◆ WORK REQUEST
Nothing outside the range below should be printed. Output exactly the lines from the line with "0 10303 214" to the line with "#30=VERTEX_POINT('',#29);", both included.

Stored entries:
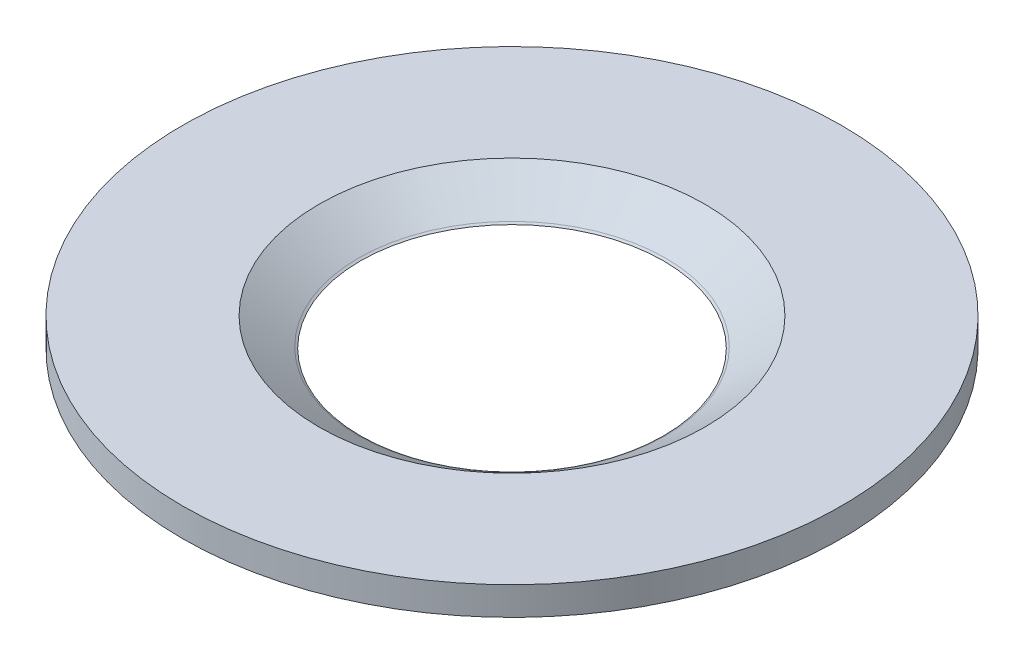
ISO-10303-21;
HEADER;
FILE_DESCRIPTION(('STEP AP214'),'2;1');
FILE_NAME('part.step','',(''),(''),'','','');
FILE_SCHEMA(('AUTOMOTIVE_DESIGN { 1 0 10303 214 1 1 1 1 }'));
ENDSEC;
DATA;
#1=APPLICATION_CONTEXT('core data for automotive mechanical design processes');
#2=APPLICATION_PROTOCOL_DEFINITION('international standard','automotive_design',2000,#1);
#3=PRODUCT_CONTEXT('',#1,'mechanical');
#4=PRODUCT('Part','Part','',(#3));
#5=PRODUCT_RELATED_PRODUCT_CATEGORY('part','',(#4));
#6=PRODUCT_DEFINITION_FORMATION('','',#4);
#7=PRODUCT_DEFINITION_CONTEXT('part definition',#1,'design');
#8=PRODUCT_DEFINITION('design','',#6,#7);
#9=PRODUCT_DEFINITION_SHAPE('','',#8);
#10=(LENGTH_UNIT() NAMED_UNIT(*) SI_UNIT(.MILLI.,.METRE.));
#11=(NAMED_UNIT(*) PLANE_ANGLE_UNIT() SI_UNIT($,.RADIAN.));
#12=(NAMED_UNIT(*) SI_UNIT($,.STERADIAN.) SOLID_ANGLE_UNIT());
#13=UNCERTAINTY_MEASURE_WITH_UNIT(LENGTH_MEASURE(1.E-05),#10,'distance_accuracy_value','');
#14=(GEOMETRIC_REPRESENTATION_CONTEXT(3) GLOBAL_UNCERTAINTY_ASSIGNED_CONTEXT((#13)) GLOBAL_UNIT_ASSIGNED_CONTEXT((#10,
#11,#12)) REPRESENTATION_CONTEXT('',''));
#15=CARTESIAN_POINT('',(0.,0.,0.));
#16=DIRECTION('',(0.,0.,1.));
#17=DIRECTION('',(1.,0.,0.));
#18=AXIS2_PLACEMENT_3D('',#15,#16,#17);
#19=CARTESIAN_POINT('',(0.,63.9859137621725,0.));
#20=DIRECTION('',(0.,-1.,0.));
#21=DIRECTION('',(0.,0.,-1.));
#22=AXIS2_PLACEMENT_3D('',#19,#20,#21);
#23=TOROIDAL_SURFACE('',#22,9.40910514864213,1.6010972265214);
#24=CARTESIAN_POINT('',(0.,62.5856,0.));
#25=DIRECTION('',(0.,-1.,0.));
#26=DIRECTION('',(0.,0.,-1.));
#27=AXIS2_PLACEMENT_3D('',#24,#25,#26);
#28=CIRCLE('',#27,10.1854);
#29=CARTESIAN_POINT('',(0.,62.5856,-10.1854));
#30=VERTEX_POINT('',#29);
#31=EDGE_CURVE('E60',#30,#30,#28,.T.);
#32=ORIENTED_EDGE('',*,*,#31,.T.);
#33=EDGE_LOOP('',(#32));
#34=FACE_BOUND('',#33,.T.);
#35=CARTESIAN_POINT('',(0.,62.6745,0.));
#36=DIRECTION('',(0.,-1.,0.));
#37=DIRECTION('',(0.,0.,-1.));
#38=AXIS2_PLACEMENT_3D('',#35,#36,#37);
#39=CIRCLE('',#38,10.32764);
#40=CARTESIAN_POINT('',(0.,62.6745,-10.32764));
#41=VERTEX_POINT('',#40);
#42=EDGE_CURVE('E10',#41,#41,#39,.T.);
#43=ORIENTED_EDGE('',*,*,#42,.F.);
#44=EDGE_LOOP('',(#43));
#45=FACE_BOUND('',#44,.T.);
#46=ADVANCED_FACE('F41',(#34,#45),#23,.F.);
#47=CARTESIAN_POINT('',(0.,64.4906,0.));
#48=DIRECTION('',(0.,1.,0.));
#49=DIRECTION('',(0.,0.,1.));
#50=AXIS2_PLACEMENT_3D('',#47,#48,#49);
#51=CONICAL_SURFACE('',#50,12.97178,0.968957575711611);
#52=ORIENTED_EDGE('',*,*,#42,.T.);
#53=EDGE_LOOP('',(#52));
#54=FACE_BOUND('',#53,.T.);
#55=CARTESIAN_POINT('',(0.,64.4906,0.));
#56=DIRECTION('',(0.,-1.,0.));
#57=DIRECTION('',(0.,0.,-1.));
#58=AXIS2_PLACEMENT_3D('',#55,#56,#57);
#59=CIRCLE('',#58,12.97178);
#60=CARTESIAN_POINT('',(0.,64.4906,-12.97178));
#61=VERTEX_POINT('',#60);
#62=EDGE_CURVE('E47',#61,#61,#59,.T.);
#63=ORIENTED_EDGE('',*,*,#62,.F.);
#64=EDGE_LOOP('',(#63));
#65=FACE_BOUND('',#64,.T.);
#66=ADVANCED_FACE('F78',(#54,#65),#51,.F.);
#67=CARTESIAN_POINT('',(22.1488,64.4906,0.));
#68=DIRECTION('',(0.,1.,0.));
#69=DIRECTION('',(0.,0.,1.));
#70=AXIS2_PLACEMENT_3D('',#67,#68,#69);
#71=PLANE('',#70);
#72=ORIENTED_EDGE('',*,*,#62,.T.);
#73=EDGE_LOOP('',(#72));
#74=FACE_BOUND('',#73,.T.);
#75=CARTESIAN_POINT('',(0.,64.4906,0.));
#76=DIRECTION('',(0.,-1.,0.));
#77=DIRECTION('',(0.,0.,-1.));
#78=AXIS2_PLACEMENT_3D('',#75,#76,#77);
#79=CIRCLE('',#78,22.1488);
#80=CARTESIAN_POINT('',(0.,64.4906,-22.1488));
#81=VERTEX_POINT('',#80);
#82=EDGE_CURVE('E51',#81,#81,#79,.T.);
#83=ORIENTED_EDGE('',*,*,#82,.F.);
#84=EDGE_LOOP('',(#83));
#85=FACE_BOUND('',#84,.T.);
#86=ADVANCED_FACE('F74',(#74,#85),#71,.T.);
#87=CARTESIAN_POINT('',(0.,-25.4,0.));
#88=DIRECTION('',(0.,-1.,0.));
#89=DIRECTION('',(0.,0.,-1.));
#90=AXIS2_PLACEMENT_3D('',#87,#88,#89);
#91=CYLINDRICAL_SURFACE('',#90,22.1488);
#92=ORIENTED_EDGE('',*,*,#82,.T.);
#93=EDGE_LOOP('',(#92));
#94=FACE_BOUND('',#93,.T.);
#95=CARTESIAN_POINT('',(0.,62.5856,0.));
#96=DIRECTION('',(0.,-1.,0.));
#97=DIRECTION('',(0.,0.,-1.));
#98=AXIS2_PLACEMENT_3D('',#95,#96,#97);
#99=CIRCLE('',#98,22.1488);
#100=CARTESIAN_POINT('',(0.,62.5856,-22.1488));
#101=VERTEX_POINT('',#100);
#102=EDGE_CURVE('E55',#101,#101,#99,.T.);
#103=ORIENTED_EDGE('',*,*,#102,.F.);
#104=EDGE_LOOP('',(#103));
#105=FACE_BOUND('',#104,.T.);
#106=ADVANCED_FACE('F68',(#94,#105),#91,.T.);
#107=CARTESIAN_POINT('',(10.1854,62.5856,0.));
#108=DIRECTION('',(0.,-1.,0.));
#109=DIRECTION('',(0.,0.,-1.));
#110=AXIS2_PLACEMENT_3D('',#107,#108,#109);
#111=PLANE('',#110);
#112=ORIENTED_EDGE('',*,*,#102,.T.);
#113=EDGE_LOOP('',(#112));
#114=FACE_BOUND('',#113,.T.);
#115=ORIENTED_EDGE('',*,*,#31,.F.);
#116=EDGE_LOOP('',(#115));
#117=FACE_BOUND('',#116,.T.);
#118=ADVANCED_FACE('F66',(#114,#117),#111,.T.);
#119=CLOSED_SHELL('',(#46,#66,#86,#106,#118));
#120=MANIFOLD_SOLID_BREP('B2',#119);
#121=ADVANCED_BREP_SHAPE_REPRESENTATION('',(#18,#120),#14);
#122=SHAPE_DEFINITION_REPRESENTATION(#9,#121);
ENDSEC;
END-ISO-10303-21;

◆ EXPECTED ANSWER
FILE_SCHEMA(('AUTOMOTIVE_DESIGN { 1 0 10303 214 1 1 1 1 }'));
ENDSEC;
DATA;
#1=APPLICATION_CONTEXT('core data for automotive mechanical design processes');
#2=APPLICATION_PROTOCOL_DEFINITION('international standard','automotive_design',2000,#1);
#3=PRODUCT_CONTEXT('',#1,'mechanical');
#4=PRODUCT('Part','Part','',(#3));
#5=PRODUCT_RELATED_PRODUCT_CATEGORY('part','',(#4));
#6=PRODUCT_DEFINITION_FORMATION('','',#4);
#7=PRODUCT_DEFINITION_CONTEXT('part definition',#1,'design');
#8=PRODUCT_DEFINITION('design','',#6,#7);
#9=PRODUCT_DEFINITION_SHAPE('','',#8);
#10=(LENGTH_UNIT() NAMED_UNIT(*) SI_UNIT(.MILLI.,.METRE.));
#11=(NAMED_UNIT(*) PLANE_ANGLE_UNIT() SI_UNIT($,.RADIAN.));
#12=(NAMED_UNIT(*) SI_UNIT($,.STERADIAN.) SOLID_ANGLE_UNIT());
#13=UNCERTAINTY_MEASURE_WITH_UNIT(LENGTH_MEASURE(1.E-05),#10,'distance_accuracy_value','');
#14=(GEOMETRIC_REPRESENTATION_CONTEXT(3) GLOBAL_UNCERTAINTY_ASSIGNED_CONTEXT((#13)) GLOBAL_UNIT_ASSIGNED_CONTEXT((#10,
#11,#12)) REPRESENTATION_CONTEXT('',''));
#15=CARTESIAN_POINT('',(0.,0.,0.));
#16=DIRECTION('',(0.,0.,1.));
#17=DIRECTION('',(1.,0.,0.));
#18=AXIS2_PLACEMENT_3D('',#15,#16,#17);
#19=CARTESIAN_POINT('',(0.,63.9859137621725,0.));
#20=DIRECTION('',(0.,-1.,0.));
#21=DIRECTION('',(0.,0.,-1.));
#22=AXIS2_PLACEMENT_3D('',#19,#20,#21);
#23=TOROIDAL_SURFACE('',#22,9.40910514864213,1.6010972265214);
#24=CARTESIAN_POINT('',(0.,62.5856,0.));
#25=DIRECTION('',(0.,-1.,0.));
#26=DIRECTION('',(0.,0.,-1.));
#27=AXIS2_PLACEMENT_3D('',#24,#25,#26);
#28=CIRCLE('',#27,10.1854);
#29=CARTESIAN_POINT('',(0.,62.5856,-10.1854));
#30=VERTEX_POINT('',#29);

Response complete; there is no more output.